WORK REQUEST: Print exactly the lines below between the line holding "Gain/1 -> Sum1/1" and the line holding "Gain2/1 -> Mux1/1, Mux/3", inclusive, and nothing more.

THE DATA:

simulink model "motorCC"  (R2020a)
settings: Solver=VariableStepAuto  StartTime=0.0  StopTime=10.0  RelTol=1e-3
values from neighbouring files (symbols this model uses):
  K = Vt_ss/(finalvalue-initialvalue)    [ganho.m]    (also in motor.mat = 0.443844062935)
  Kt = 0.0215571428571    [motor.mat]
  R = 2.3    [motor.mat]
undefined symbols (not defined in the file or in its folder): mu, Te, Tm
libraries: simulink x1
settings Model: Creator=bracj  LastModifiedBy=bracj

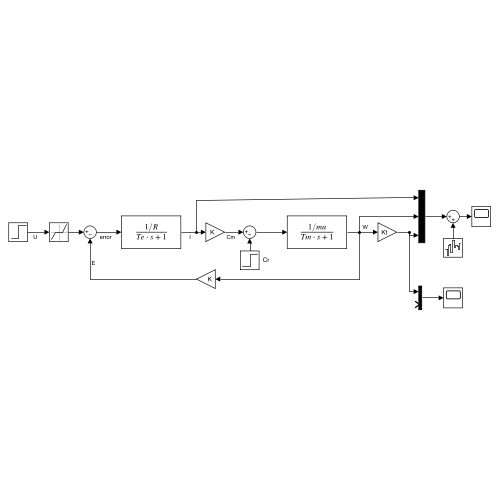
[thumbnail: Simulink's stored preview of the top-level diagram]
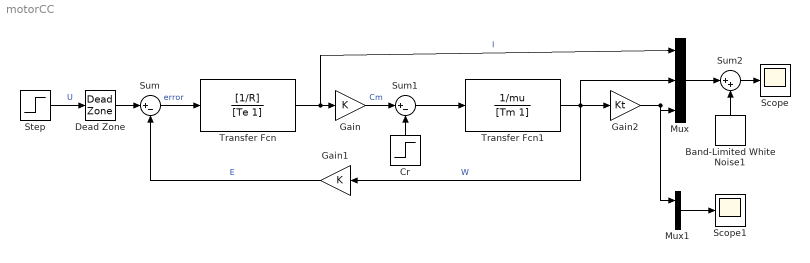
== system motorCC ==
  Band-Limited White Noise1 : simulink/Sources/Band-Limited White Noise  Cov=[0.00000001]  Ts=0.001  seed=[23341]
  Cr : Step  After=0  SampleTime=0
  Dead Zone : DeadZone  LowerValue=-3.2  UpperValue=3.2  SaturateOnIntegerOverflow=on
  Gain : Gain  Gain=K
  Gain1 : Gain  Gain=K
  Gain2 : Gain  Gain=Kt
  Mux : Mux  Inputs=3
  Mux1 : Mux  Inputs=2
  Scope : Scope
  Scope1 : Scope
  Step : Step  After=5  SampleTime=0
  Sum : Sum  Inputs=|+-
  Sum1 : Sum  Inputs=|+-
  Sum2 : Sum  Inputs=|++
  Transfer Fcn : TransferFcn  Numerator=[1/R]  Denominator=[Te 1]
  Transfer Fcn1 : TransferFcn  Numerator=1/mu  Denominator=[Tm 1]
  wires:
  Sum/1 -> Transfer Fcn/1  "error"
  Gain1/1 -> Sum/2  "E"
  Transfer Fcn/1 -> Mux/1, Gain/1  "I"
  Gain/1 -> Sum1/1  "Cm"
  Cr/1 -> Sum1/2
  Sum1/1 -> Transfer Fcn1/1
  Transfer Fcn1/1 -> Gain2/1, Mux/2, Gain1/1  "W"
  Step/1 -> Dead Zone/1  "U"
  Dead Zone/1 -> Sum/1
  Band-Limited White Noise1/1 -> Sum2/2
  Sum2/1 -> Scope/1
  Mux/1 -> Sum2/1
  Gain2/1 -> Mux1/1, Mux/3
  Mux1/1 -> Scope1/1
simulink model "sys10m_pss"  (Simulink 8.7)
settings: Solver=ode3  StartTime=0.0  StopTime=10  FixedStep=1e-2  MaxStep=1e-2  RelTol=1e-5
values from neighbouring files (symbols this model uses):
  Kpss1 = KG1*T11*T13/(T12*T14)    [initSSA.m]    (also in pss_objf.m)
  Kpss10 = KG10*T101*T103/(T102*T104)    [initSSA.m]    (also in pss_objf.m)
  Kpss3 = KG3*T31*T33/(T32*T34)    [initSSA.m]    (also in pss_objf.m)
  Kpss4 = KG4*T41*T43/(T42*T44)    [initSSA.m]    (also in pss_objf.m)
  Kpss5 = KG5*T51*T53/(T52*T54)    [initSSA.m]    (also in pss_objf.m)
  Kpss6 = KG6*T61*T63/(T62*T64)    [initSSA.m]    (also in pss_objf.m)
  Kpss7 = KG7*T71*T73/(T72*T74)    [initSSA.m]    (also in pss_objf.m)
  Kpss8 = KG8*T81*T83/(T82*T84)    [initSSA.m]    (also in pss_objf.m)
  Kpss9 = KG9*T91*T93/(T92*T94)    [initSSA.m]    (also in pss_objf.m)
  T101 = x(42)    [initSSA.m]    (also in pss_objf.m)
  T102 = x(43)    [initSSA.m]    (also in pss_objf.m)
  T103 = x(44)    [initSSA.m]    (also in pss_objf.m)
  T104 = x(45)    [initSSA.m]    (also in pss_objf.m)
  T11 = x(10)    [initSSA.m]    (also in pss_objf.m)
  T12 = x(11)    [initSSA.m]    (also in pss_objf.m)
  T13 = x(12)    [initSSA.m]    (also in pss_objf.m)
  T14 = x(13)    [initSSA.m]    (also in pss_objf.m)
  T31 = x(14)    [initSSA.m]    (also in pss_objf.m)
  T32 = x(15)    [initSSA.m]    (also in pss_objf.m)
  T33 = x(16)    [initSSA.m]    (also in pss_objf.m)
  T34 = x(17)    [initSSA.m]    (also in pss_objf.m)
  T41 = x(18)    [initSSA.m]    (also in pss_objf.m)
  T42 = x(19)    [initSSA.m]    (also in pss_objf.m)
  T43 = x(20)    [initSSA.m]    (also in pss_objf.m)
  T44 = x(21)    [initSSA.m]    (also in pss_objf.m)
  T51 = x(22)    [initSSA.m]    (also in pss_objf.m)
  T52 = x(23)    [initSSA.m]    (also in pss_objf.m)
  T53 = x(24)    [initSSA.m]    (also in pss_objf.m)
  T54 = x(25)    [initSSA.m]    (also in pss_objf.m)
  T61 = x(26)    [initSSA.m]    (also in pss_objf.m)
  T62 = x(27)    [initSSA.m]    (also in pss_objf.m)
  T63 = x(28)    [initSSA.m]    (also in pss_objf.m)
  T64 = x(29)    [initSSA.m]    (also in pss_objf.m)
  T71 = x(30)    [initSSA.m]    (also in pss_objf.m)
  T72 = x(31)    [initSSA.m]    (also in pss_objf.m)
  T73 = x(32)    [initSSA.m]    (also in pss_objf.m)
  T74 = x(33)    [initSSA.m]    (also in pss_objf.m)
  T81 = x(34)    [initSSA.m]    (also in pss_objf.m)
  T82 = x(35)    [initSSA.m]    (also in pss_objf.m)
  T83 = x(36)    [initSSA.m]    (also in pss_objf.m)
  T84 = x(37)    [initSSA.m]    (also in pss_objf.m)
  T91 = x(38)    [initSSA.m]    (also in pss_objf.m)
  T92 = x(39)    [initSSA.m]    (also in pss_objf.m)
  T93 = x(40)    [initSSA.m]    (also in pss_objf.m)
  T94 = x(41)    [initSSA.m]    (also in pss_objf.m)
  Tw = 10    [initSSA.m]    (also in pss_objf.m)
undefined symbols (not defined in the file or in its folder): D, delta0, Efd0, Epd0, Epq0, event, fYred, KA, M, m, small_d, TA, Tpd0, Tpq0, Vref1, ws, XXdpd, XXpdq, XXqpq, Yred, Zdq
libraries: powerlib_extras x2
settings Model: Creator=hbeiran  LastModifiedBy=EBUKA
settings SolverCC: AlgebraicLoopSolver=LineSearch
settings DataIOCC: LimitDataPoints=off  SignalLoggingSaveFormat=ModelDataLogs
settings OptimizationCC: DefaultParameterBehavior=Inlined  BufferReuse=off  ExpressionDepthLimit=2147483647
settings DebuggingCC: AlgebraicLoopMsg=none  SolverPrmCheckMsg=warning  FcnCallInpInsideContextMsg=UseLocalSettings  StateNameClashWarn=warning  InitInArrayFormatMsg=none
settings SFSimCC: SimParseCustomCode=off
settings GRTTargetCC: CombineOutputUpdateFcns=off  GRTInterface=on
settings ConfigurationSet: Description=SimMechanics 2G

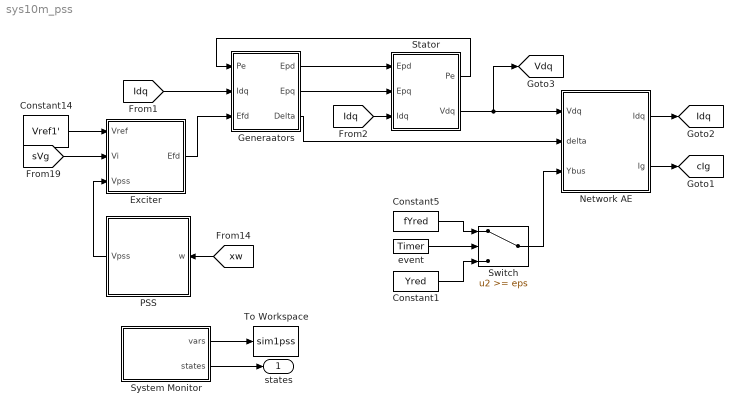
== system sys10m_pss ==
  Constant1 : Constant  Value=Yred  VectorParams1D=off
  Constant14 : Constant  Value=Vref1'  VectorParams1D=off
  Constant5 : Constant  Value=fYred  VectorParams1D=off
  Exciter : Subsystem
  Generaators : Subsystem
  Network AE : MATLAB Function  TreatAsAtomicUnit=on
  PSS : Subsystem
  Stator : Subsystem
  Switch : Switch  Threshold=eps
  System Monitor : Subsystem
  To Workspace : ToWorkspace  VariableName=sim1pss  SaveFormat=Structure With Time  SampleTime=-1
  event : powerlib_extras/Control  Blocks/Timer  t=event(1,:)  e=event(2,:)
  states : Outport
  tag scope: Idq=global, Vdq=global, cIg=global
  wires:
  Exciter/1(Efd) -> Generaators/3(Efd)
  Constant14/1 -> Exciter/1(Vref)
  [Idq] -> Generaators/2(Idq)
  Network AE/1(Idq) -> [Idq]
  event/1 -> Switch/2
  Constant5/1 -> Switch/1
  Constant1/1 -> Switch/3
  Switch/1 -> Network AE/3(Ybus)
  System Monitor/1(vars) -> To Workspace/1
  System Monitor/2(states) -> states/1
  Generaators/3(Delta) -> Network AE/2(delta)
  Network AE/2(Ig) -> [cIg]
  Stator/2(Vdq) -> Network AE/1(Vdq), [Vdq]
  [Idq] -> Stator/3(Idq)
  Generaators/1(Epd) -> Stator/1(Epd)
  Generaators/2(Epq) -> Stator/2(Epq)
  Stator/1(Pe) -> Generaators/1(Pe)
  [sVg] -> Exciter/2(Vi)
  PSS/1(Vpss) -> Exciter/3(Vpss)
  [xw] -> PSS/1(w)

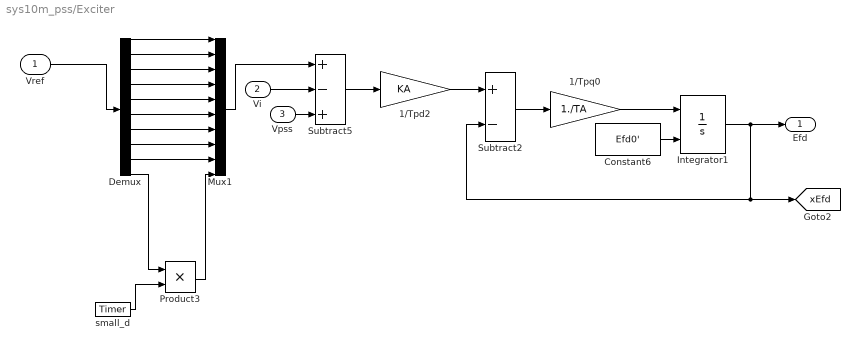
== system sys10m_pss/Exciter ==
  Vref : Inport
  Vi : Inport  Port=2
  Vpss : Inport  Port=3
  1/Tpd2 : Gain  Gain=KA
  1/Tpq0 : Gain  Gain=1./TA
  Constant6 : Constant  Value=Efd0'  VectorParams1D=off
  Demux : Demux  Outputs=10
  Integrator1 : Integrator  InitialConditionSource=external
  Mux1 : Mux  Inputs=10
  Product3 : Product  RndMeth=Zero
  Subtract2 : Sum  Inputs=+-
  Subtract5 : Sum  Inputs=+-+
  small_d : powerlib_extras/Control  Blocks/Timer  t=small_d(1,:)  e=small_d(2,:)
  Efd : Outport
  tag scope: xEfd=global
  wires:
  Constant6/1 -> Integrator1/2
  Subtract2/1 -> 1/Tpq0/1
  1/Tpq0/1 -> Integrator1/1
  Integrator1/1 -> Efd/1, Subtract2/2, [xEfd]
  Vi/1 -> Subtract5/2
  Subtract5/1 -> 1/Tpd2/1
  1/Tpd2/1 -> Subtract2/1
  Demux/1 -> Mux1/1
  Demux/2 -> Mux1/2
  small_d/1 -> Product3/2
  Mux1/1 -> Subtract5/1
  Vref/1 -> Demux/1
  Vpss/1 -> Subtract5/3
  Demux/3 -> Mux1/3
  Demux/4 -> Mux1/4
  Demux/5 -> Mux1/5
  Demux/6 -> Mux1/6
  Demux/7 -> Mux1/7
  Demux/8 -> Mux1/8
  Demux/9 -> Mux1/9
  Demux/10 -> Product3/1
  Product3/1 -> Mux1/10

OUTPUT:
  Gain/1 -> Sum1/1  "Cm"
  Cr/1 -> Sum1/2
  Sum1/1 -> Transfer Fcn1/1
  Transfer Fcn1/1 -> Gain2/1, Mux/2, Gain1/1  "W"
  Step/1 -> Dead Zone/1  "U"
  Dead Zone/1 -> Sum/1
  Band-Limited White Noise1/1 -> Sum2/2
  Sum2/1 -> Scope/1
  Mux/1 -> Sum2/1
  Gain2/1 -> Mux1/1, Mux/3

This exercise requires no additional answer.